Полено в плите синевато стрельнуло искрой, заставив Аниеимова вздрогнуть, даже в мыслях он уже боялся называть себя настоящим именем. К чему сейчас все эти сантименты? При чем здесь жалость, если вопрос стоит — кто кого? Разве он не шел на компромисс с Захаром Дерюгиным, пусть бы топал себе потихоньку, обоим места хватило бы под солнцем, а то ведь вообразил, что он и в самом деле хозяин жизни, что он кому-то полезен, что все на свете его кровное дело; нет, братец, пора тебе понять, что в мире есть кое-что еще, кроме братства серпа и молота. Одним словом, пора кончать, сказал себе Анисимов, черт знает, что ему может еще взбрести в голову. Лишний раз обезопасить себя не помешает, у него, у Анисимова, есть свои причины быть бдительным, стоять на страже интересов родной Советской власти. И даже если он торопится и Захар Дерюгин ничего существенного и в мыслях не имеет против него, Анисимова, в таких случаях лучше поспешить, чем опоздать. И еще одно подстегивало: вчерашнее письмо из Питера от старого дружка, и по этому письму Анисимов сразу определил запах жареного, да еще какого! Аромат так и щекочет ноздри, пора и со своей стороны подбросить несколько поленьев в костер; пусть Лиза остается в неведении и возится со своими тетрадками, усмехнулся Анисимов; он, конечно, не преувеличивает своего значения и понимает, что уже не дотянется до вершин и никакая он не героическая личность, блистательного взлета не получилось; но вот полено-другое в костерик добавить — в его силах, это тоже занимательно и любопытно, щекочет нервы. Анисимов подбросил дров; пора ужинать, вспомнил он и двинулся к двери позвать жену; она в этот момент сама распахнула дверь.
— Ужинать пора, Лиза, — сказал Анисимов, с пытливой и доброй усмешкой отыскивая в ее лице признаки примирения.
Елизавета Андреевна на мгновение прислонилась к косяку. «Ох, как ты обмелел, Родион, уже и залысины и не та молодцеватость, сдали мы оба», — подумала она про себя без горечи, с привычным сожалением.
— Да, пора, десятый час, — сказала она вслух, проходя к шкафчику с посудой.

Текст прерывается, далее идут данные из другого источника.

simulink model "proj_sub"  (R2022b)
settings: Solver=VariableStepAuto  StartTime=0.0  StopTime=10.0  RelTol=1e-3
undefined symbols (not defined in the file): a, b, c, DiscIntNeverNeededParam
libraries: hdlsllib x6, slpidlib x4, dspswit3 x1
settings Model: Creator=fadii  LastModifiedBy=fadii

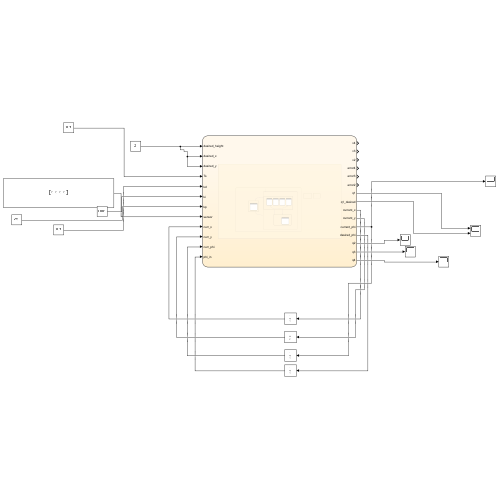
[thumbnail: Simulink's stored preview of the top-level diagram]
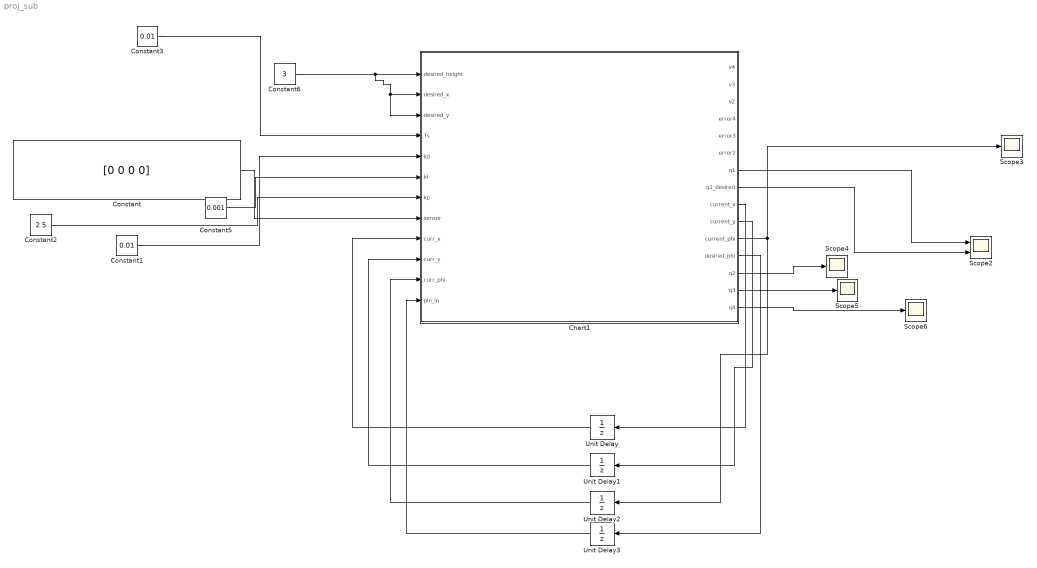
== system proj_sub ==
  Chart1 : Stateflow chart  TreatAsAtomicUnit=on
  Constant : Constant  Value=[0 0 0 0]
  Constant1 : Constant  Value=0.01
  Constant2 : Constant  Value=2.5
  Constant3 : Constant  Value=0.01
  Constant5 : Constant  Value=0.001
  Constant6 : Constant  Value=3
  Scope2 : Scope  NumInputPorts=2
  Scope{3..6} (4 alike) : Scope
  Unit Delay{,1..3} (4 alike) : UnitDelay  SampleTime=-1  HasFrameUpgradeWarning=on
  wires:
  Chart1/13(q2) -> Scope4/1
  Unit Delay1/1 -> Chart1/10(curr_y)
  Chart1/10(current_y) -> Unit Delay1/1
  Unit Delay2/1 -> Chart1/11(curr_phi)
  Constant6/1 -> Chart1/3(desired_y), Chart1/2(desired_x), Chart1/1(desired_height)
  Constant2/1 -> Chart1/7(kp)
  Constant3/1 -> Chart1/4(Ts)
  Chart1/14(q3) -> Scope5/1
  Chart1/12(desired_phi) -> Unit Delay3/1
  Chart1/11(current_phi) -> Scope3/1, Unit Delay2/1
  Chart1/8(q1_desired) -> Scope2/2
  Chart1/9(current_x) -> Unit Delay/1
  Constant1/1 -> Chart1/5(kd)
  Unit Delay3/1 -> Chart1/12(phi_in)
  Chart1/15(q4) -> Scope6/1
  Chart1/7(q1) -> Scope2/1
  Unit Delay/1 -> Chart1/9(curr_x)
  Constant/1 -> Chart1/8(sensor)
  Constant5/1 -> Chart1/6(ki)

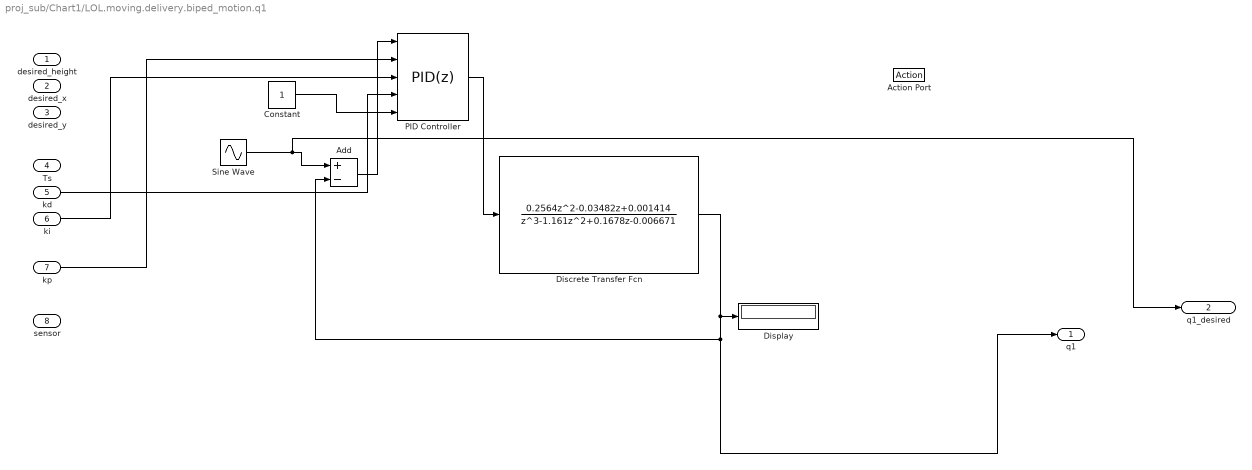
== system proj_sub/Chart1/LOL.moving.delivery.biped_motion.q1 ==
  desired_height : Inport
  desired_x : Inport  Port=2
  desired_y : Inport  Port=3
  Ts : Inport  Port=4
  kd : Inport  Port=5
  ki : Inport  Port=6
  kp : Inport  Port=7
  sensor : Inport  Port=8
  Action Port : ActionPort
      settings: CopyFcn=Stateflow.SLINSF.SimulinkMan.removeBlockPreDeleteFcn  PreDeleteFcn=Stateflow.SLINSF.SimulinkMan.unsafePredeleteFcn
  Add : Sum  Inputs=+-
  Constant : Constant
  Discrete Transfer Fcn : DiscreteTransferFcn  Numerator=[0 0.2564 -0.03482 0.001414]  Denominator=[1 -1.161 0.1678 -0.006671]  SampleTime=0.1
  Display : Display
  PID Controller : slpidlib/PID Controller  Controller=PID  Form=Parallel  TimeDomain=Discrete-time  UseExternalTs=off  SampleTime=0.1  IntegratorMethod=Forward Euler  FilterMethod=Forward Euler  ControllerParametersSource=external  P=1  I=0.002  UseKiTs=off  D=0.01  N=100  UseFilter=on  TunerSelectOption=Transfer Function Based (PID Tuner App)  InitialConditionSource=internal  InitialConditionForIntegrator=0  InitialConditionForFilter=0  DifferentiatorICPrevScaledInput=0  ExternalReset=none  TrackingMode=off  Kt=1  LimitOutput=on  SatLimitsSource=internal  UpperSaturationLimit=24  LowerSaturationLimit=-24  LinearizeAsGain=on  AntiWindupMode=none  Kb=1  LimitIntegrator=off  UpperIntegratorSaturationLimit=inf  LowerIntegratorSaturationLimit=-inf  POutMin=[]  POutMax=[]  IOutMin=[]  IOutMax=[]  DOutMin=[]  DOutMax=[]  NOutMin=[]  NOutMax=[]  SumOutMin=[]  SumOutMax=[]  SaturationOutMin=[]  SaturationOutMax=[]  PParamMin=[]  PParamMax=[]  IParamMin=[]  IParamMax=[]  DParamMin=[]  DParamMax=[]  NParamMin=[]  NParamMax=[]  KbParamMin=[]  KbParamMax=[]  KtParamMin=[]  KtParamMax=[]  KbOutMin=[]  KbOutMax=[]  KtOutMin=[]  KtOutMax=[]  IntegratorOutMin=[]  IntegratorOutMax=[]  FilterOutMin=[]  FilterOutMax=[]  SumI1OutMin=[]  SumI1OutMax=[]  SumI2OutMin=[]  SumI2OutMax=[]  SumI3OutMin=[]  SumI3OutMax=[]  SumI4OutMin=[]  SumI4OutMax=[]  SumDOutMin=[]  SumDOutMax=[]  DifferentiatorOutMin=[]  DifferentiatorOutMax=[]  FilterDiffOutCoefMin=[]  FilterDiffOutCoefMax=[]  ReciprocalOutMin=[]  ReciprocalOutMax=[]  SumDenOutMin=[]  SumDenOutMax=[]  SumNumOutMin=[]  SumNumOutMax=[]  DivideOutMin=[]  DivideOutMax=[]  UdiffTsProdOutMin=[]  UdiffTsProdOutMax=[]  NTsProdOutMin=[]  NTsProdOutMax=[]  UintegralTsProdOutMin=[]  UintegralTsProdOutMax=[]  UngainTsProdOutMin=[]  UngainTsProdOutMax=[]  ClampingZeroOutDataTypeStr=Inherit: Inherit via back propagation  ClampingZeroOutMin=[]  ClampingZeroOutMax=[]  FilterDenConstantOutDataTypeStr=Inherit: Inherit via back propagation  FilterDenConstantOutMin=[]  FilterDenConstantOutMax=[]  PCopyOutDataTypeStr=Inherit: Inherit via back propagation  PCopyOutMin=[]  PCopyOutMax=[]  NCopyOutDataTypeStr=Inherit: Inherit via back propagation  NCopyOutMin=[]  NCopyOutMax=[]  IntegratorContinuousStateAttributes=''  IntegratorStateMustResolveToSignalObject=off  IntegratorRTWStateStorageClass=Auto  FilterContinuousStateAttributes=''  FilterStateMustResolveToSignalObject=off  FilterRTWStateStorageClass=Auto  ParallelPVariant=ExternalParameters  IdealPVariant=Disabled  IVariant=ExternalParameters  DVariant=ExternalParameters  IntegratorVariant=Discrete  SatVariant=Enabled  AWVariant=Passthrough  PCopyVariant=Disabled  TRVariant=Disabled  FdbkBlocksVariant=Forward  IdealPFdbkVariant=Disabled  SatFdbkVariant=Disabled  DerivativeFilterVariant=ForwardEulerFilter  NVariant=ExternalParameters  NCopyVariant=Disabled  FilterICVariant=InternalICsFilter  IntegratorICVariant=InternalICs  ExternalResetVariant=Disabled  TRSumVariant=Passthrough  SumFdbkVariant=Disabled  SumVariant=Sum_PID  TsampFilterVariant=InternalTs  TsampNgainVariant=Passthrough  TsampIntegralVariant=Passthrough  ExternalSaturationOutDataTypeStr=Inherit: Same as second input
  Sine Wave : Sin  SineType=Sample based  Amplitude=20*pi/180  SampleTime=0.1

Катилось лето девятьсот тридцать четвертого года.
9
Захара Дерюгина вызвали на бюро райкома в Зежск в конце июля; он точно помнил, они перед этим обсуждали на правлении порядок уборка поздних яровых. Особенно уродились гречиха и просо, и старики намечали намолотить пудов по сто с десятины. Такое редко случалось на густищинских землях, и особенно с капризной гречихой, и, прослышав об этом, дед Макар сам ходил в поля проверять, он никому больше из этих колхозных безбожников, в том числе и родному сыну, не верил. Взял палку и пошел бродить по полям, присаживался в удобном месте, отдыхал и снова шел дальше, забыто принюхиваясь к знойному ветру. Дед Макар постепенно убеждался, что на этот раз люди не брехали, с проса, с гречи при хозяйском досмотре могли, пожалуй, взять и больше. Старик стал среди поля уже забуревшей гречихи, лениво перекатывающей под солнечным ветром темно-красные волны, и задумался о жизни, и о боге, и о близком конце, потому что ничего вечного нет на земле и пора уходить. Он снова почувствовал тихий зов из какой-то прохладной дали, он доходил до сердца холодноватым прикосновением; пора, пора, сказал себе дед Макар и подумал еще, что зажился на свете и не понимает новой жизни, пусть теперь Захарка Дерюгин да этот горлопан Юрка Левша хозяйствуют, вон у них машины на колесьях ходят, землю подымают. Господи, слаб и хил стал человек, слаб и хил, раз уж сам не может с землею управиться, машину вонючую на нее напустил.